• WHAT IS REQUIRED
Within the records below, how many lines hold the string "offset"? State that number and nothing else.

• GIVEN DATA

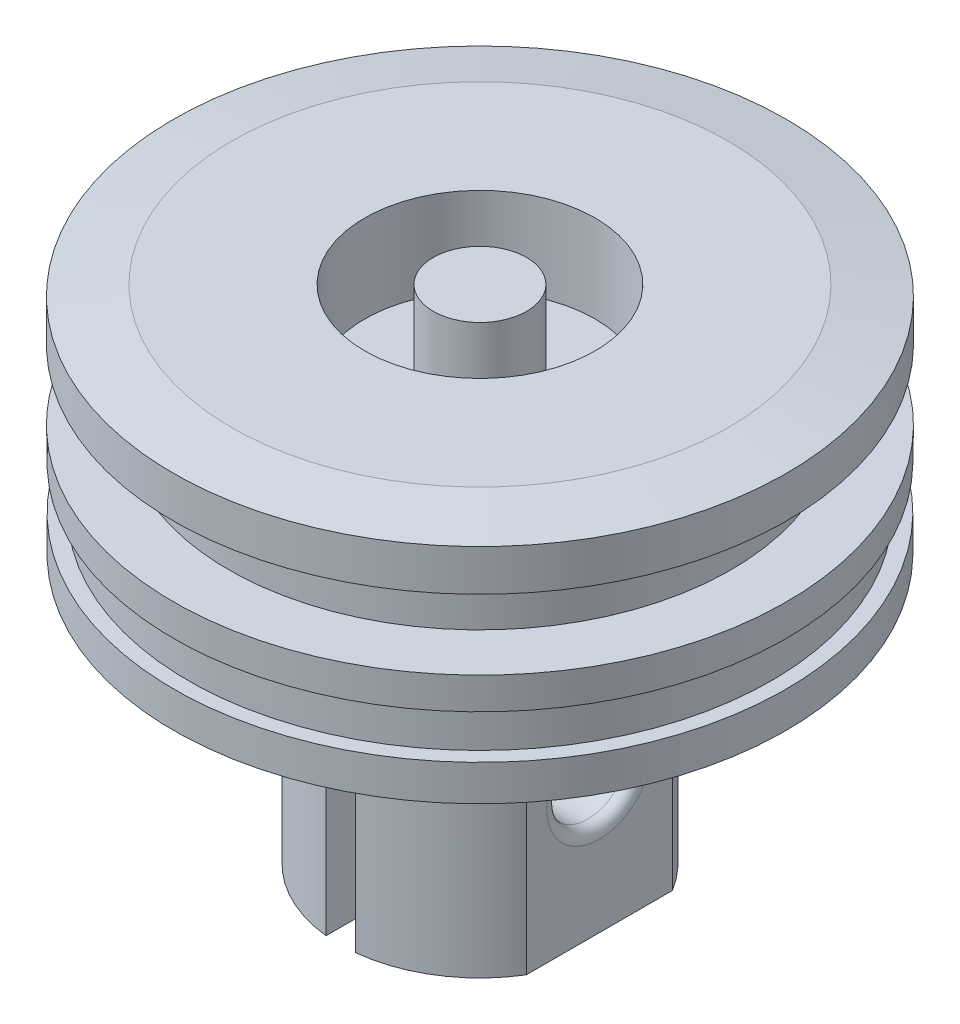
from build123d import *

# Parameters (mm, degrees)
CHAMFER1_SIZE      = 2.54
CHAMFER1_SIZE2     = 0.447870531
SKETCH3_W          = 1.27
SKETCH3_H          = 11.684
SKETCH3_W_2        = 0.896537977
SKETCH3_H_2        = 11.167643875
CUT_EXTRUDE2_DEPTH = 25.4
SKETCH4_R          = 1.783288569
CUT_EXTRUDE3_DEPTH = 32.616251091
FILLET1_R          = 0.508
SKETCH5_R          = 5.0165
SKETCH5_R_2        = 2.032
CUT_EXTRUDE4_DEPTH = 3.81


with BuildPart() as part:
    # Sketch1 → Revolve1 (revolve)
    with BuildSketch(Plane.XY, mode=Mode.PRIVATE) as revolve1_sk:
        Polygon((0, 0), (13.34752775, 0), (13.34752775, -2.248031717), (10.93452775, -2.248031717), (10.93452775, -5.296031717), (13.34752775, -5.296031717), (13.328344425, -6.6929), (12.693344425, -6.6929), (12.693344425, -8.5979), (13.328344425, -8.5979), (13.328344425, -10.16), (6.096, -10.16), (6.096, -21.844), (0, -21.844), (0, -10.16), align=None)
    revolve(revolve1_sk.sketch.rotate(Axis((0, 0, 0), (0, 1, 0)), 90), axis=Axis((0, 0, 0), (0, 1, 0)))

    # Chamfer1
    chamfer1_edges = [part.edges().sort_by_distance(p)[0] for p in [
        (0, 0, 13.34752775),
    ]]
    chamfer1_side = [part.faces().sort_by_distance(p)[0] for p in [
        (0, 0, 0),
    ]]
    chamfer(chamfer1_edges, length=CHAMFER1_SIZE, length2=CHAMFER1_SIZE2, reference=chamfer1_side[0])

    # Sketch3 → Cut-Extrude2 (cut)
    with BuildSketch(Plane.XY.offset(13.335)):
        with Locations((0, -16.002)):
            Rectangle(SKETCH3_W, SKETCH3_H)
        with Locations((5.647731012, -16.260178062)):
            Rectangle(SKETCH3_W_2, SKETCH3_H_2)
        with Locations((-5.647731012, -16.260178062)):
            Rectangle(SKETCH3_W_2, SKETCH3_H_2)
    extrude(amount=-CUT_EXTRUDE2_DEPTH, mode=Mode.SUBTRACT)

    # Sketch4 → Cut-Extrude3 (cut, through all)
    with BuildSketch(Plane(origin=(5.207, 0, 0), x_dir=(0, 0, -1), z_dir=(1, 0, 0))):
        with Locations((0, -16.034094945)):
            Circle(SKETCH4_R)
    extrude(amount=-CUT_EXTRUDE3_DEPTH, mode=Mode.SUBTRACT)

    # Fillet1
    fillet1_edges = [part.edges().sort_by_distance(p)[0] for p in [
        (5.199462023, -16.034094945, 1.783288569),
    ]]
    fillet(fillet1_edges, radius=FILLET1_R)

    # Sketch5 → Cut-Extrude4 (cut)
    with BuildSketch(Plane(origin=(0, 0, 0), x_dir=(1, 0, 0), z_dir=(0, 1, 0))):
        with Locations(Location((0, 0, 0), (0, 0, 270))):
            Circle(SKETCH5_R)
        with Locations(Location((0, 0, 0), (0, 0, 270))):
            Circle(SKETCH5_R_2, mode=Mode.SUBTRACT)
    extrude(amount=-CUT_EXTRUDE4_DEPTH, mode=Mode.SUBTRACT)


solid = part.part
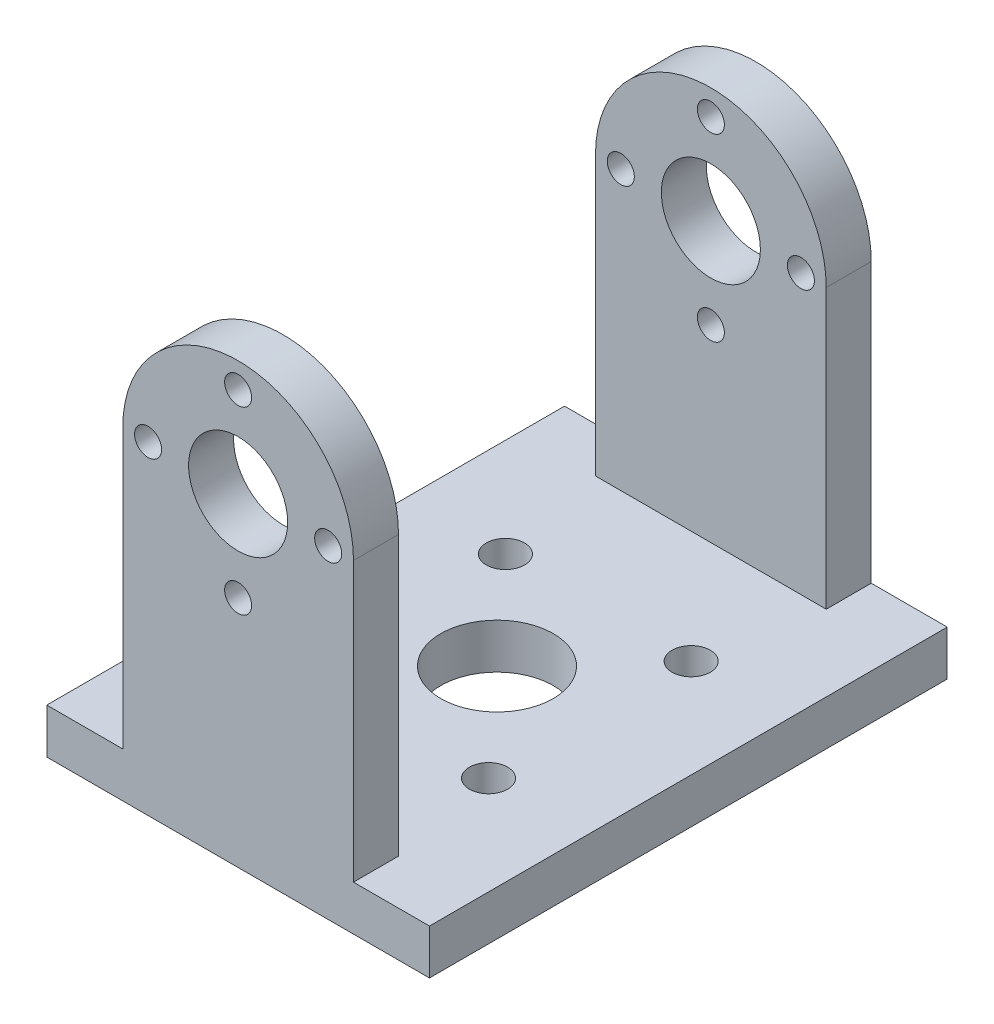
from build123d import *

# Parameters (mm, degrees)
SKETCH1_R           = 1.2
SKETCH1_R_2         = 4.4
BOSS_EXTRUDE1_DEPTH = 4
SKETCH3_W           = 34
SKETCH3_H           = 46
SKETCH3_R           = 5
SKETCH3_R_2         = 1.7
BOSS_EXTRUDE3_DEPTH = 4


with BuildPart() as part:
    # Sketch1 → Boss-Extrude1 (new body)
    with BuildSketch(Plane.XY):
        with BuildLine():
            Line((-10.25, -28.75), (10.25, -28.75))
            Line((10.25, -28.75), (10.25, 0))
            ThreePointArc((10.25, 0), (0, 10.25), (-10.25, 0))
            Line((-10.25, 0), (-10.25, -28.75))
        make_face()
        with Locations((0, 8)):
            Circle(SKETCH1_R, mode=Mode.SUBTRACT)
        with Locations((-8, 0)):
            Circle(SKETCH1_R, mode=Mode.SUBTRACT)
        with Locations((0, -8)):
            Circle(SKETCH1_R, mode=Mode.SUBTRACT)
        with Locations((8, 0)):
            Circle(SKETCH1_R, mode=Mode.SUBTRACT)
        Circle(SKETCH1_R_2, mode=Mode.SUBTRACT)
    boss_extrude1 = extrude(amount=BOSS_EXTRUDE1_DEPTH)

    # Sketch3 → Boss-Extrude3 (add)
    with BuildSketch(Plane(origin=(0, -28.75, 0), x_dir=(-1, 0, 0), z_dir=(0, -1, 0))):
        with Locations((0, -23)):
            Rectangle(SKETCH3_W, SKETCH3_H)
        with Locations(Location((0, -23, 0), (0, 0, 180))):
            Circle(SKETCH3_R, mode=Mode.SUBTRACT)
        with Locations(Location((-8.25, -14, 0), (0, 0, 180))):
            Circle(SKETCH3_R_2, mode=Mode.SUBTRACT)
        with Locations(Location((8.25, -14, 0), (0, 0, 180))):
            Circle(SKETCH3_R_2, mode=Mode.SUBTRACT)
        with Locations(Location((8.25, -32, 0), (0, 0, 180))):
            Circle(SKETCH3_R_2, mode=Mode.SUBTRACT)
        with Locations(Location((-8.25, -32, 0), (0, 0, 180))):
            Circle(SKETCH3_R_2, mode=Mode.SUBTRACT)
    extrude(amount=-BOSS_EXTRUDE3_DEPTH)

    # Mirror1: Boss-Extrude1 across plane
    add(boss_extrude1.mirror(Plane.XY.offset(23)))


solid = part.part
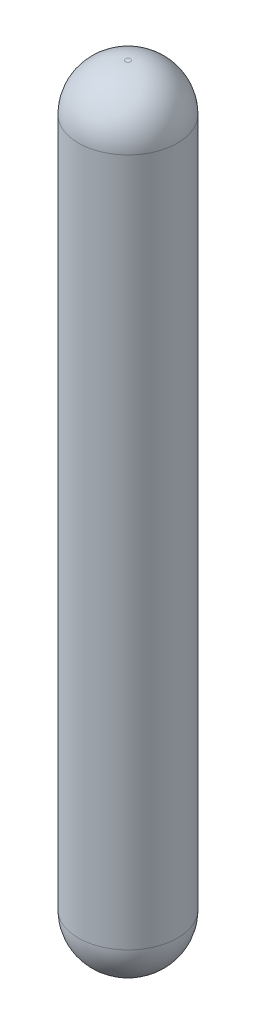
from build123d import *

# Parameters (mm, degrees)
SKETCH2_R           = 3.8
BOSS_EXTRUDE1_DEPTH = 60
FILLET5_R           = 3.6


with BuildPart() as part:
    # Sketch2 → Boss-Extrude1 (new body)
    with BuildSketch(Plane(origin=(0, 0, 0), x_dir=(1, 0, 0), z_dir=(0, 1, 0))):
        with Locations(Location((0, 0, 0), (0, 0, 270))):
            Circle(SKETCH2_R)
    extrude(amount=BOSS_EXTRUDE1_DEPTH)

    # Fillet5
    fillet5_edges = [part.edges().sort_by_distance(p)[0] for p in [
        (0, 0, -3.8),
        (0, 60, -3.8),
    ]]
    fillet(fillet5_edges, radius=FILLET5_R)


solid = part.part

• SOLUTION FOR THIS PROBLEM
2